Grünenthal GmbH, Global Preclinical Research and Development, Department of Pharmacology, Zieglerstrasse 6, 52078 Aachen, Germany.
Neurosci Lett. 2011 Mar 17;491(2):104-7. doi: 10.1016/j.neulet.2011.01.014. Epub 2011 Jan 11.

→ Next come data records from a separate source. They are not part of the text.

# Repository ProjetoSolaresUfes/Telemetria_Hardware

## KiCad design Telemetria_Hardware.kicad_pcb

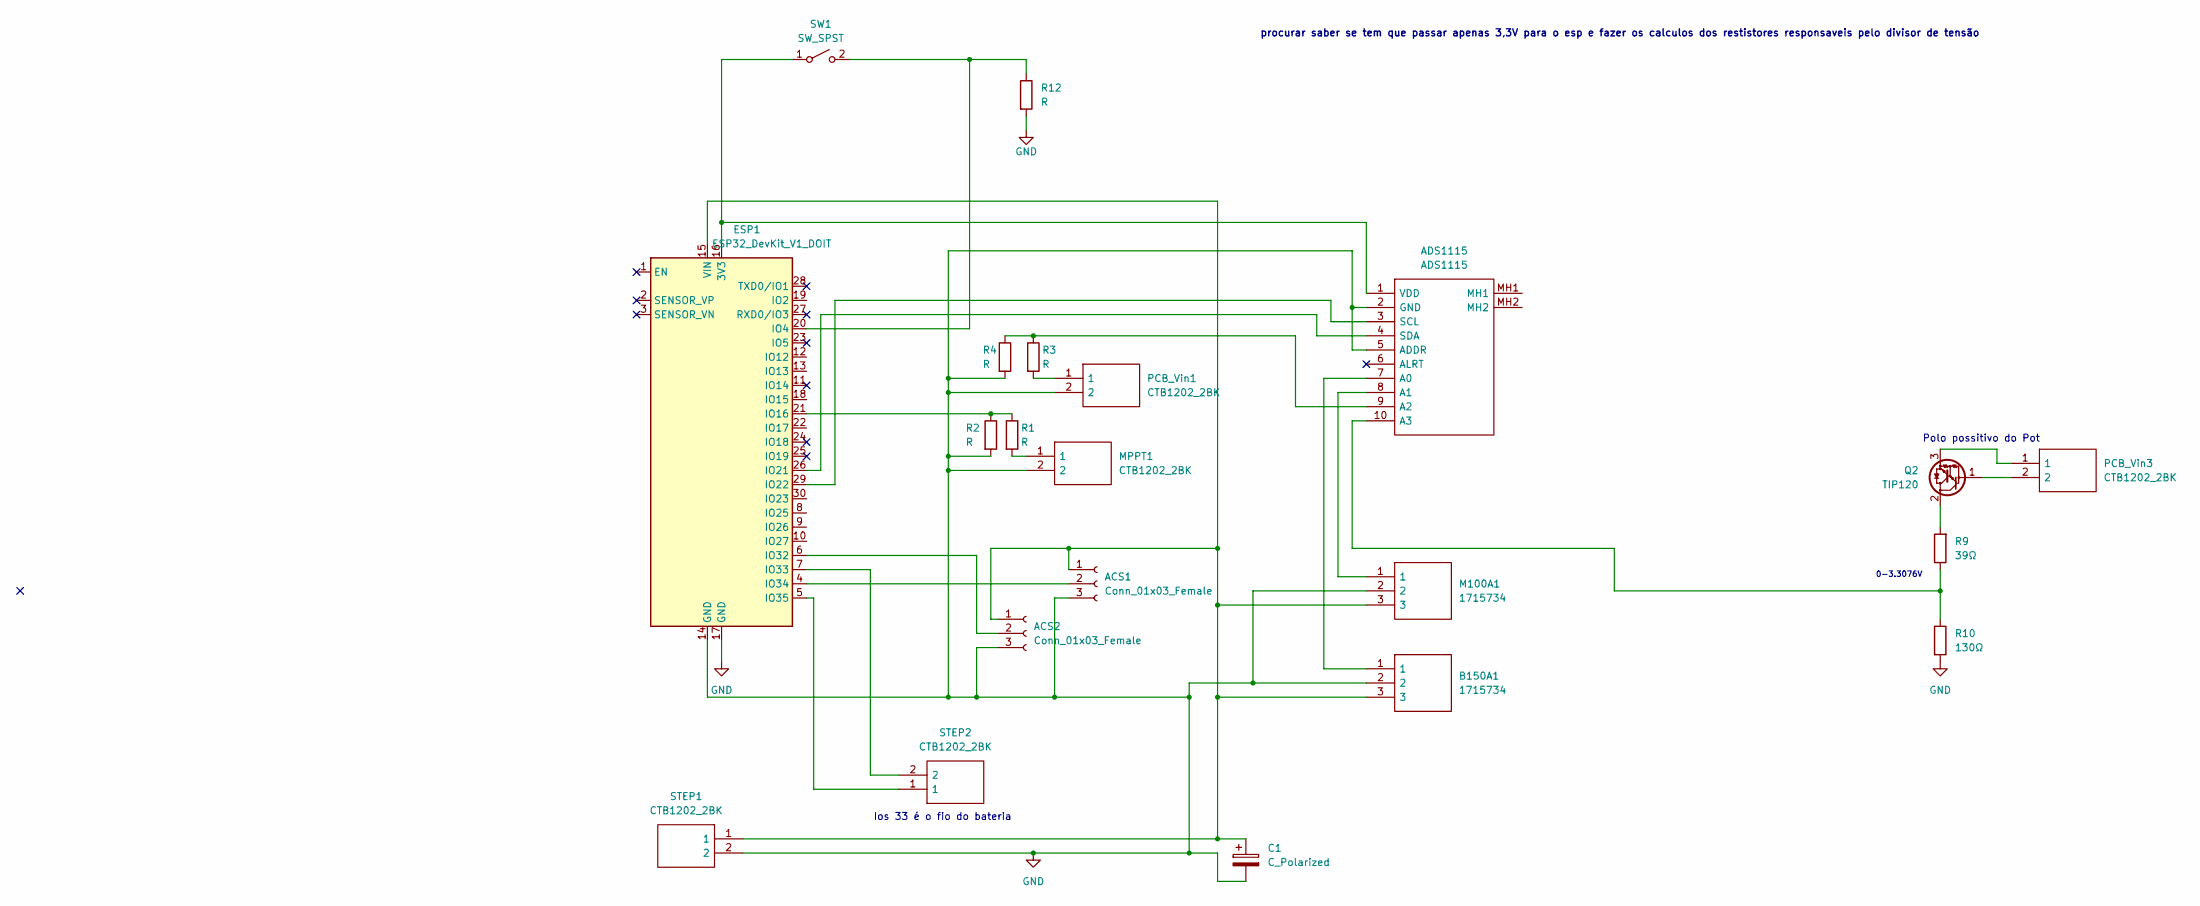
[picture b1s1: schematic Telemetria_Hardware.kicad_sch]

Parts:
ACS1, ACS2: Conn_01x03_Female; PinSocket_1x03_P2.54mm_Vertical
ADS1115: ADS1115; Manufacturer_Part_Number ADS1115
B150A1: 1715734; TerminalBlock_bornier-3_P5.08mm; Manufacturer_Part_Number 1715734
C1: C_Polarized; C_Radial_D6.3mm_H11.0mm_P2.50mm
ESP1: ESP32_DevKit_V1_DOIT; esp32_devkit_v1_doit
M100A1: 1715734; TerminalBlock_bornier-3_P5.08mm; Manufacturer_Part_Number 1715734
MPPT1: CTB1202_2BK; TerminalBlock_bornier-2_P5.08mm; Manufacturer_Part_Number CTB1202/2BK
PCB_Vin1, PCB_Vin3: CTB1202_2BK; TerminalBlock_bornier-2_P5.08mm; Manufacturer_Part_Number CTB1202/2BK
Q2: TIP120; TO-220-3_Vertical
R1, R2, R3, R4, R12: R; R_Axial_DIN0207_L6.3mm_D2.5mm_P10.16mm_Horizontal
R9: 39Ω; R_Axial_DIN0207_L6.3mm_D2.5mm_P10.16mm_Horizontal
R10: 130Ω; R_Axial_DIN0207_L6.3mm_D2.5mm_P10.16mm_Horizontal
STEP1, STEP2: CTB1202_2BK; TerminalBlock_bornier-2_P5.08mm; Manufacturer_Part_Number CTB1202/2BK
SW1: SW_SPST; SW_DIP_SPSTx01_Slide_9.78x4.72mm_W7.62mm_P2.54mm

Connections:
GND: ACS1.3, ACS2.3, ADS1115.2 (GND), ADS1115.5 (ADDR), B150A1.2, C1.2, ESP1.14 (GND), ESP1.17 (GND), M100A1.2, MPPT1.2, PCB_Vin1.2, R2.2, R4.2, R10.2, R12.2, STEP1.2; also elsewhere on the board
unnamed 1: ACS1.1, ACS2.1, B150A1.3, C1.1, ESP1.15 (VIN), M100A1.3, STEP1.1; also elsewhere on the board
unnamed 2: ACS1.2, ESP1.4 (IO34); also elsewhere on the board
unnamed 3: ACS2.2, ESP1.6 (IO32); also elsewhere on the board
unnamed: ADS1115.7 (A0), B150A1.1
unnamed: ADS1115.8 (A1), M100A1.1
unnamed: ADS1115.9 (A2), R3.1, R4.1
unnamed: ADS1115.10 (A3), R9.1, R10.1
unnamed 8: ADS1115.3 (SCL), ESP1.29 (IO22); also elsewhere on the board
unnamed 9: ADS1115.4 (SDA), ESP1.26 (IO21); also elsewhere on the board
unnamed 10: ADS1115.1 (VDD), ESP1.16 (3V3), SW1.1 (A); also elsewhere on the board
unnamed 11: ESP1.20 (IO4), R12.1, SW1.2 (B); also elsewhere on the board
unnamed: ESP1.21 (IO16), R1.1, R2.1
unnamed 13: ESP1.7 (IO33), STEP2.2; also elsewhere on the board
unnamed 14: ESP1.5 (IO35), STEP2.1; also elsewhere on the board
unnamed: MPPT1.1, R1.2
unnamed: PCB_Vin1.1, R3.2
unnamed: PCB_Vin3.2, Q2.1 (B)
unnamed: Q2.2 (C), R9.2
unnamed: PCB_Vin3.1, Q2.3 (E)

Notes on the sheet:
0-3.3076V
Ios 33 é o fio do bateria
procurar saber se tem que passar apenas 3,3V para o esp e fazer os calculos dos restistores responsaveis pelo divisor de tensão
Polo possitivo do Pot

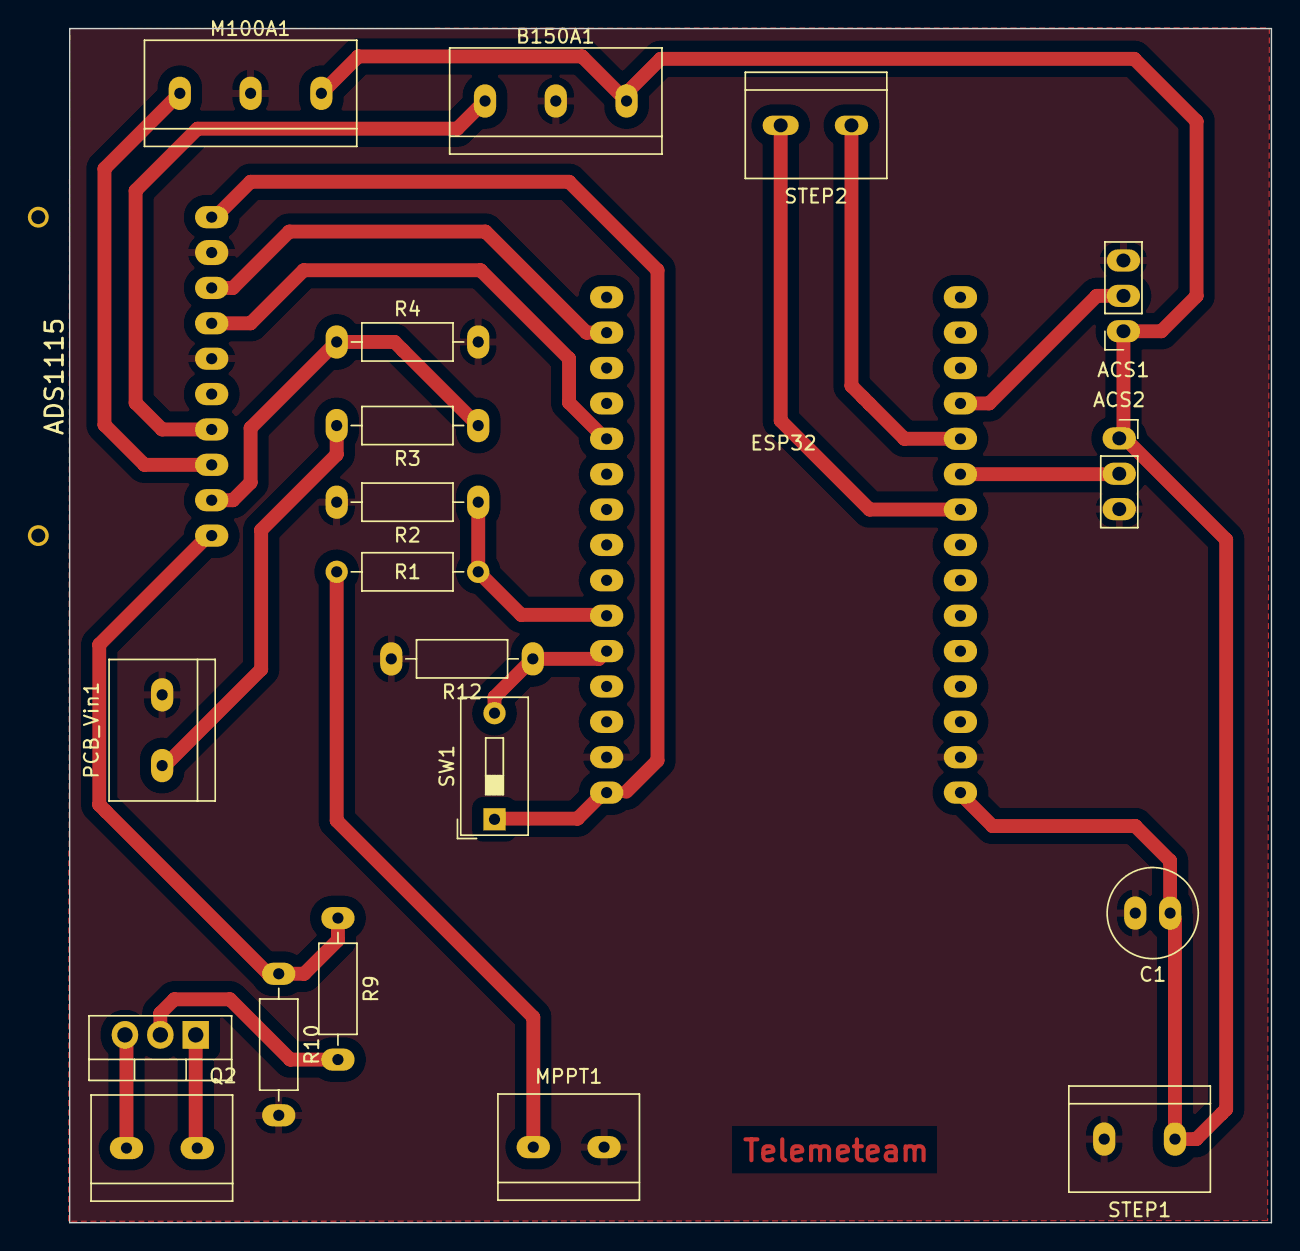
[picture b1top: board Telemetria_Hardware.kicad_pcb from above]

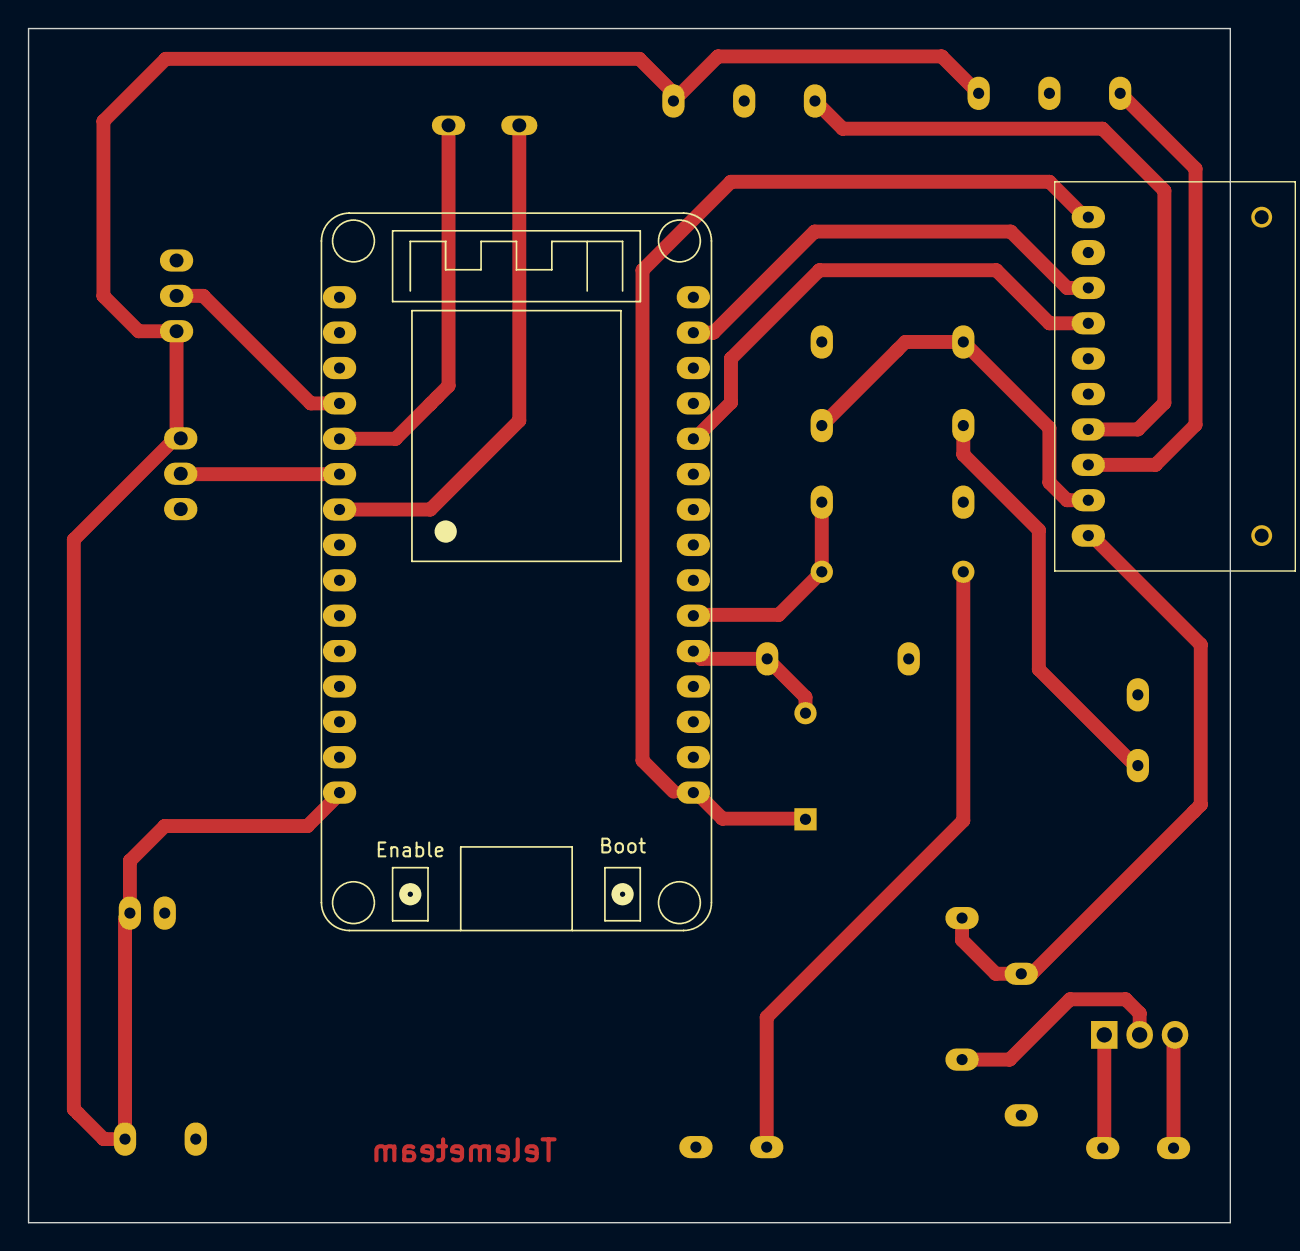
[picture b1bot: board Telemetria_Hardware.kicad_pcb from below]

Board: 2 copper layers, 86.3 x 85.7 mm, 21 parts (2 on the bottom side), 20 nets.

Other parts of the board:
ESP32: ESP32_DevKit_V1_DOIT; esp32_devkit_v1_doit

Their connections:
GND: ESP32.14 (GND), ESP32.17 (GND); also elsewhere on the board
unnamed 1: ESP32.15 (VIN); also elsewhere on the board
unnamed 2: ESP32.4 (IO34); also elsewhere on the board
unnamed 3: ESP32.6 (IO32); also elsewhere on the board
unnamed 8: ESP32.29 (IO22); also elsewhere on the board
unnamed 9: ESP32.26 (IO21); also elsewhere on the board
unnamed 10: ESP32.16 (3V3); also elsewhere on the board
unnamed 11: ESP32.20 (IO4); also elsewhere on the board
unnamed 13: ESP32.7 (IO33); also elsewhere on the board
unnamed 14: ESP32.5 (IO35); also elsewhere on the board

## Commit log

2023-10-03 Version 2023 - Niteroi
2023-10-03 pastas up
2023-12-06 Pequenas mudanças no 3D
2024-04-24 ads adicionado
2024-04-29 placa teste
2024-05-02 teste 2
2024-05-16 teste 3
2024-05-28 teste4
2024-06-04 sugestao
2024-06-28 teste 5
2024-06-28 teste 5 (certo)
2024-07-17 Mudanças pré DSB 2024
2024-07-17 Mudanças Pré DSB/2

Activation of the μ-opioid receptor (MOR) and noradrenaline reuptake inhibition (NRI) are well recognized as analgesic principles in acute and chronic pain indications. The novel analgesic tapentadol combines MOR agonism and NRI in a single molecule. The present study used OPRM1 (MOR) knockout (KO) mice to determine the relative contribution of MOR activation to tapentadol-induced analgesia in models of acute (nociceptive) and chronic (neuropathic) pain. Antinociceptive efficacy was inferred from paw withdrawal latencies on a 48 °C hot plate in naive animals. Antihyperalgesic efficacy was inferred from the number of nocifensive reactions in diabetic animals (streptozotocin-induced) and non-diabetic controls on a 50 °C hot plate. The effect of tapentadol (0.316-31.6 mg/kg IP) and the MOR agonist morphine (3-10 mg/kg IP) was determined in OPRM1 KO- and congenic wildtype mice. At baseline, diabetic OPRM1 KO mice showed reduced nocifensive reactions as compared to diabetic wildtype mice. In both pain models, morphine and tapentadol were effective in wildtype mice. In the KO mice, however, morphine failed to produce analgesia in either model. On the other hand, tapentadol still had clear effects, and when tested at a dose that was fully efficacious in wildtype mice, showed reduced but still significant antinociceptive efficacy in non-diabetic, and antihyperalgesic efficacy in diabetic OPRM1 KO mice. The remaining antinociceptive activity of tapentadol in OPRM1 KO mice was abolished by the α₂-adrenoceptor antagonist yohimbine. In OPRM1 wildtype mice, the antihyperalgesic effect of tapentadol was 10 times more potent in diabetic animals (ED₅₀=1.10 mg/kg) than its antinociceptive effect in naïve animals (ED₅₀=10.8 mg/kg). This study supports the conclusion that the analgesic effect of tapentadol is only partly due to the activation of MOR, both under acute and chronic pain conditions, and that the efficacy of tapentadol against acute and chronic pain is based on its combined mechanism of action.
μ-阿片受体(MOR)的激活和去甲肾上腺素再摄取抑制(NRI)在急性和慢性疼痛适应症中被公认为镇痛原理。新型镇痛药曲马多在单一分子中结合了MOR激动作用和NRI。本研究使用OPRM1(MOR)基因敲除(KO)小鼠来确定在急性(伤害性)和慢性(神经性)疼痛模型中,MOR激活对曲马多诱导的镇痛作用的相对贡献。通过未处理动物在48°C热板上的爪退缩潜伏期推断抗伤害感受效能。通过糖尿病动物(链脲佐菌素诱导)和非糖尿病对照在50°C热板上的伤害性反应数量推断抗痛觉过敏效能。在OPRM1基因敲除小鼠和同基因野生型小鼠中测定了曲马多(0.316 - 31.6mg/kg腹腔注射)和MOR激动剂吗啡(3 - 10mg/kg腹腔注射)的作用。在基线时,糖尿病OPRM1基因敲除小鼠与糖尿病野生型小鼠相比,伤害性反应减少。在两种疼痛模型中,吗啡和曲马多在野生型小鼠中均有效。然而,在基因敲除小鼠中,吗啡在两种模型中均未能产生镇痛作用。另一方面,曲马多仍有明显作用,当以在野生型小鼠中完全有效的剂量进行测试时,在非糖尿病OPRM1基因敲除小鼠中显示出降低但仍显著的抗伤害感受效能,在糖尿病OPRM1基因敲除小鼠中显示出抗痛觉过敏效能。曲马多在OPRM1基因敲除小鼠中剩余的抗伤害感受活性被α₂-肾上腺素能受体拮抗剂育亨宾消除。在OPRM1野生型小鼠中,曲马多在糖尿病动物中的抗痛觉过敏作用(ED₅₀ = 1.10mg/kg)比其在未处理动物中的抗伤害感受作用(ED₅₀ = 10.8mg/kg)强10倍。本研究支持以下结论:在急性和慢性疼痛条件下,曲马多的镇痛作用仅部分归因于MOR的激活,并且曲马多对急性和慢性疼痛的疗效基于其联合作用机制。